- _Prompt_
Each line of the records containing "gate" is to be copied out and returned.

- _Records for the task_

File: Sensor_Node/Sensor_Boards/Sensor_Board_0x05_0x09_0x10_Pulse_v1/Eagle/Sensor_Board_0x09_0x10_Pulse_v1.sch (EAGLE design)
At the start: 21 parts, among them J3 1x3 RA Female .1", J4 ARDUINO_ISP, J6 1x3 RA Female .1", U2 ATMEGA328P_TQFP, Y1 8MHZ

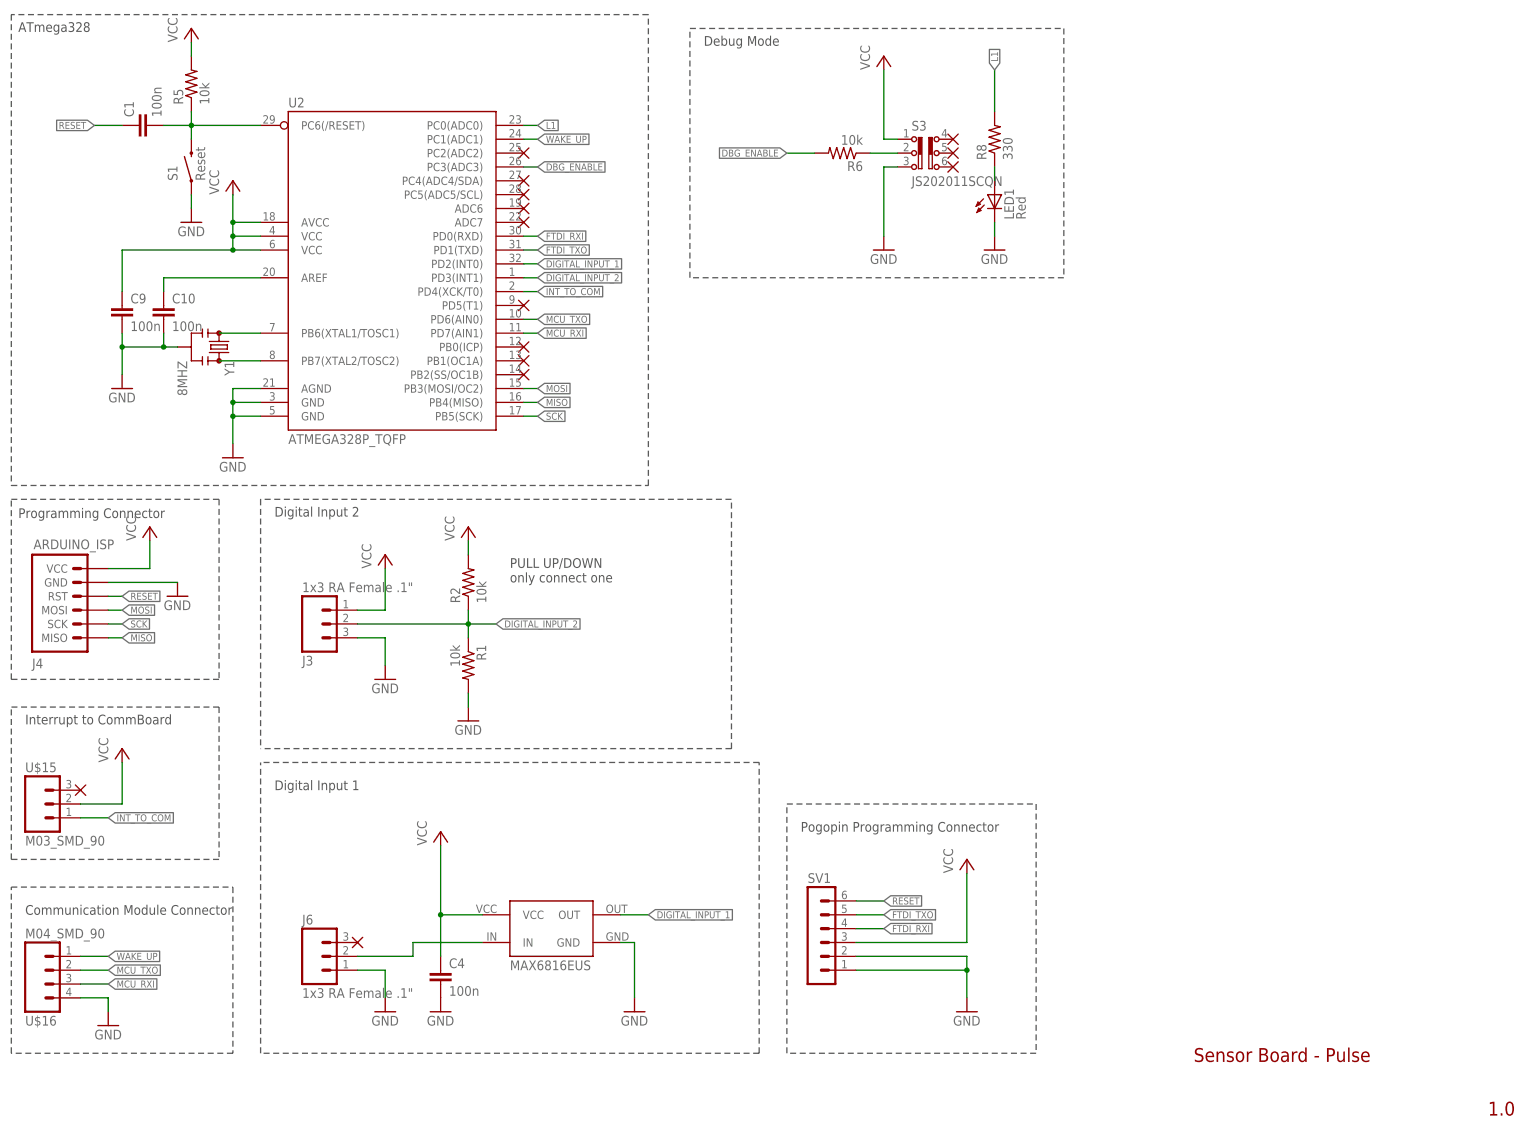
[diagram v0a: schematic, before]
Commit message: Pulse-Board
- Reset path
- Various small things
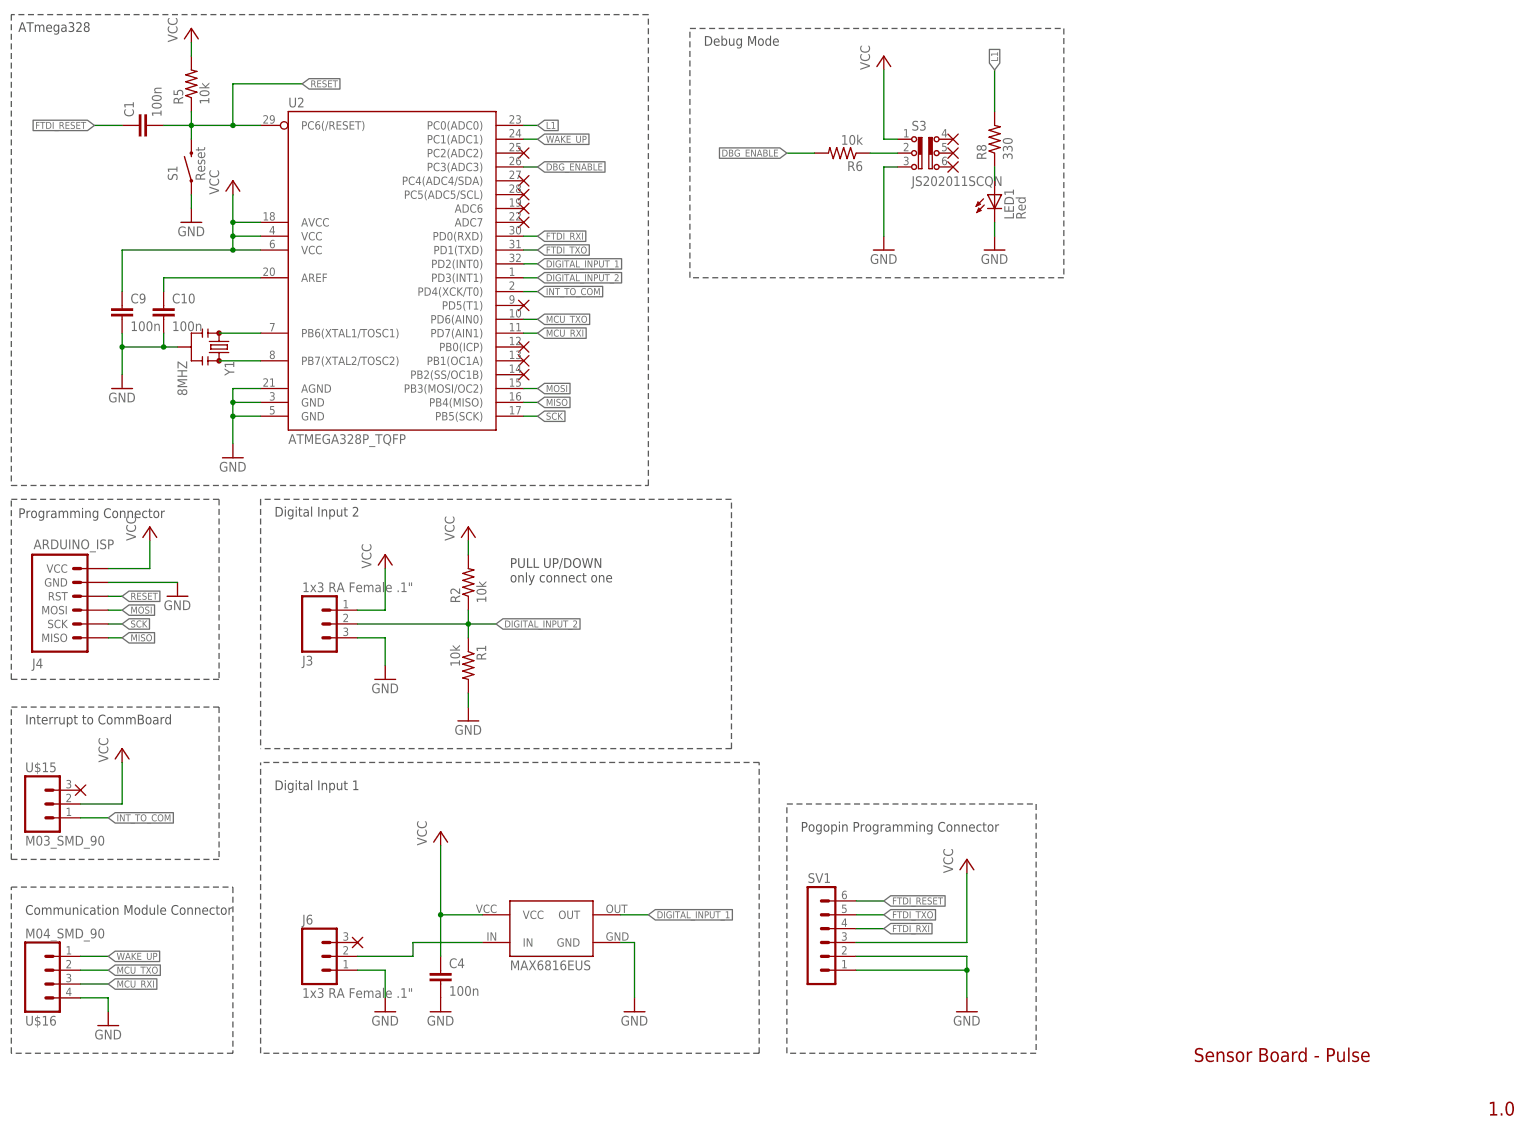
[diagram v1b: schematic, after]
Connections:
- removed net N$5: C1.2, R5.1, S1.RIGHT, U2.PC6(/RESET)
- new net FTDI_RESET: C1.1, SV1.6
- net RESET: now also C1.2, R5.1, S1.RIGHT, U2.PC6(/RESET); no longer C1.1, SV1.6
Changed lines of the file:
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@@
 </segment>
 <segment>
-<pinref part="C1" gate="G$1" pin="1"/>
-<wire x1="27.94" y1="182.88" x2="22.86" y2="182.88" width="0.1524" layer="91"/>
-<label x="22.86" y="182.88" size="1.27" layer="95" rot="R180" xref="yes"/>
-</segment>
-<segment>
-<pinref part="SV1" gate="1" pin="6"/>
-<wire x1="162.56" y1="40.64" x2="167.64" y2="40.64" width="0.1524" layer="91"/>
-<label x="167.64" y="40.64" size="1.27" layer="95" xref="yes"/>
+<pinref part="C1" gate="G$1" pin="2"/>
+<pinref part="U2" gate="U$1" pin="PC6(/RESET)"/>
+<wire x1="35.56" y1="182.88" x2="40.64" y2="182.88" width="0.1524" layer="91"/>
+<pinref part="R5" gate="G$1" pin="1"/>
+<wire x1="40.64" y1="182.88" x2="48.26" y2="182.88" width="0.1524" layer="91"/>
+<wire x1="48.26" y1="182.88" x2="53.34" y2="182.88" width="0.1524" layer="91"/>
+<wire x1="40.64" y1="185.42" x2="40.64" y2="182.88" width="0.1524" layer="91"/>
+<junction x="40.64" y="182.88"/>
+<pinref part="S1" gate="G$1" pin="RIGHT"/>
+<wire x1="40.64" y1="180.34" x2="40.64" y2="182.88" width="0.1524" layer="91"/>
+<wire x1="48.26" y1="182.88" x2="48.26" y2="190.5" width="0.1524" layer="91"/>
+<junction x="48.26" y="182.88"/>
+<wire x1="48.26" y1="190.5" x2="60.96" y2="190.5" width="0.1524" layer="91"/>
+<label x="60.96" y="190.5" size="1.27" layer="95" xref="yes"/>
 </segment>
 </net>
@@
 </segment>
 </net>
-<net name="N$5" class="0">
-<segment>
-<pinref part="C1" gate="G$1" pin="2"/>
-<pinref part="U2" gate="U$1" pin="PC6(/RESET)"/>
-<wire x1="35.56" y1="182.88" x2="40.64" y2="182.88" width="0.1524" layer="91"/>
-<pinref part="R5" gate="G$1" pin="1"/>
-<wire x1="40.64" y1="182.88" x2="53.34" y2="182.88" width="0.1524" layer="91"/>
-<wire x1="40.64" y1="185.42" x2="40.64" y2="182.88" width="0.1524" layer="91"/>
-<junction x="40.64" y="182.88"/>
-<pinref part="S1" gate="G$1" pin="RIGHT"/>
-<wire x1="40.64" y1="180.34" x2="40.64" y2="182.88" width="0.1524" layer="91"/>
-</segment>
-</net>
 <net name="FTDI_RXI" class="0">
 <segment>
@@
 </segment>
 </net>
+<net name="FTDI_RESET" class="0">
+<segment>
+<pinref part="SV1" gate="1" pin="6"/>
+<wire x1="162.56" y1="40.64" x2="167.64" y2="40.64" width="0.1524" layer="91"/>
+<label x="167.64" y="40.64" size="1.27" layer="95" xref="yes"/>
+</segment>
+<segment>
+<pinref part="C1" gate="G$1" pin="1"/>
+<wire x1="27.94" y1="182.88" x2="22.86" y2="182.88" width="0.1524" layer="91"/>
+<label x="22.86" y="182.88" size="1.27" layer="95" rot="R180" xref="yes"/>
+</segment>
+</net>

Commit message: Changes on PulseBoard
- startet replacement and rerouting
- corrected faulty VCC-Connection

- _Result for this exercise_
-<pinref part="C1" gate="G$1" pin="1"/>
-<pinref part="SV1" gate="1" pin="6"/>
+<pinref part="C1" gate="G$1" pin="2"/>
+<pinref part="U2" gate="U$1" pin="PC6(/RESET)"/>
+<pinref part="R5" gate="G$1" pin="1"/>
+<pinref part="S1" gate="G$1" pin="RIGHT"/>
-<pinref part="C1" gate="G$1" pin="2"/>
-<pinref part="U2" gate="U$1" pin="PC6(/RESET)"/>
-<pinref part="R5" gate="G$1" pin="1"/>
-<pinref part="S1" gate="G$1" pin="RIGHT"/>
+<pinref part="SV1" gate="1" pin="6"/>
+<pinref part="C1" gate="G$1" pin="1"/>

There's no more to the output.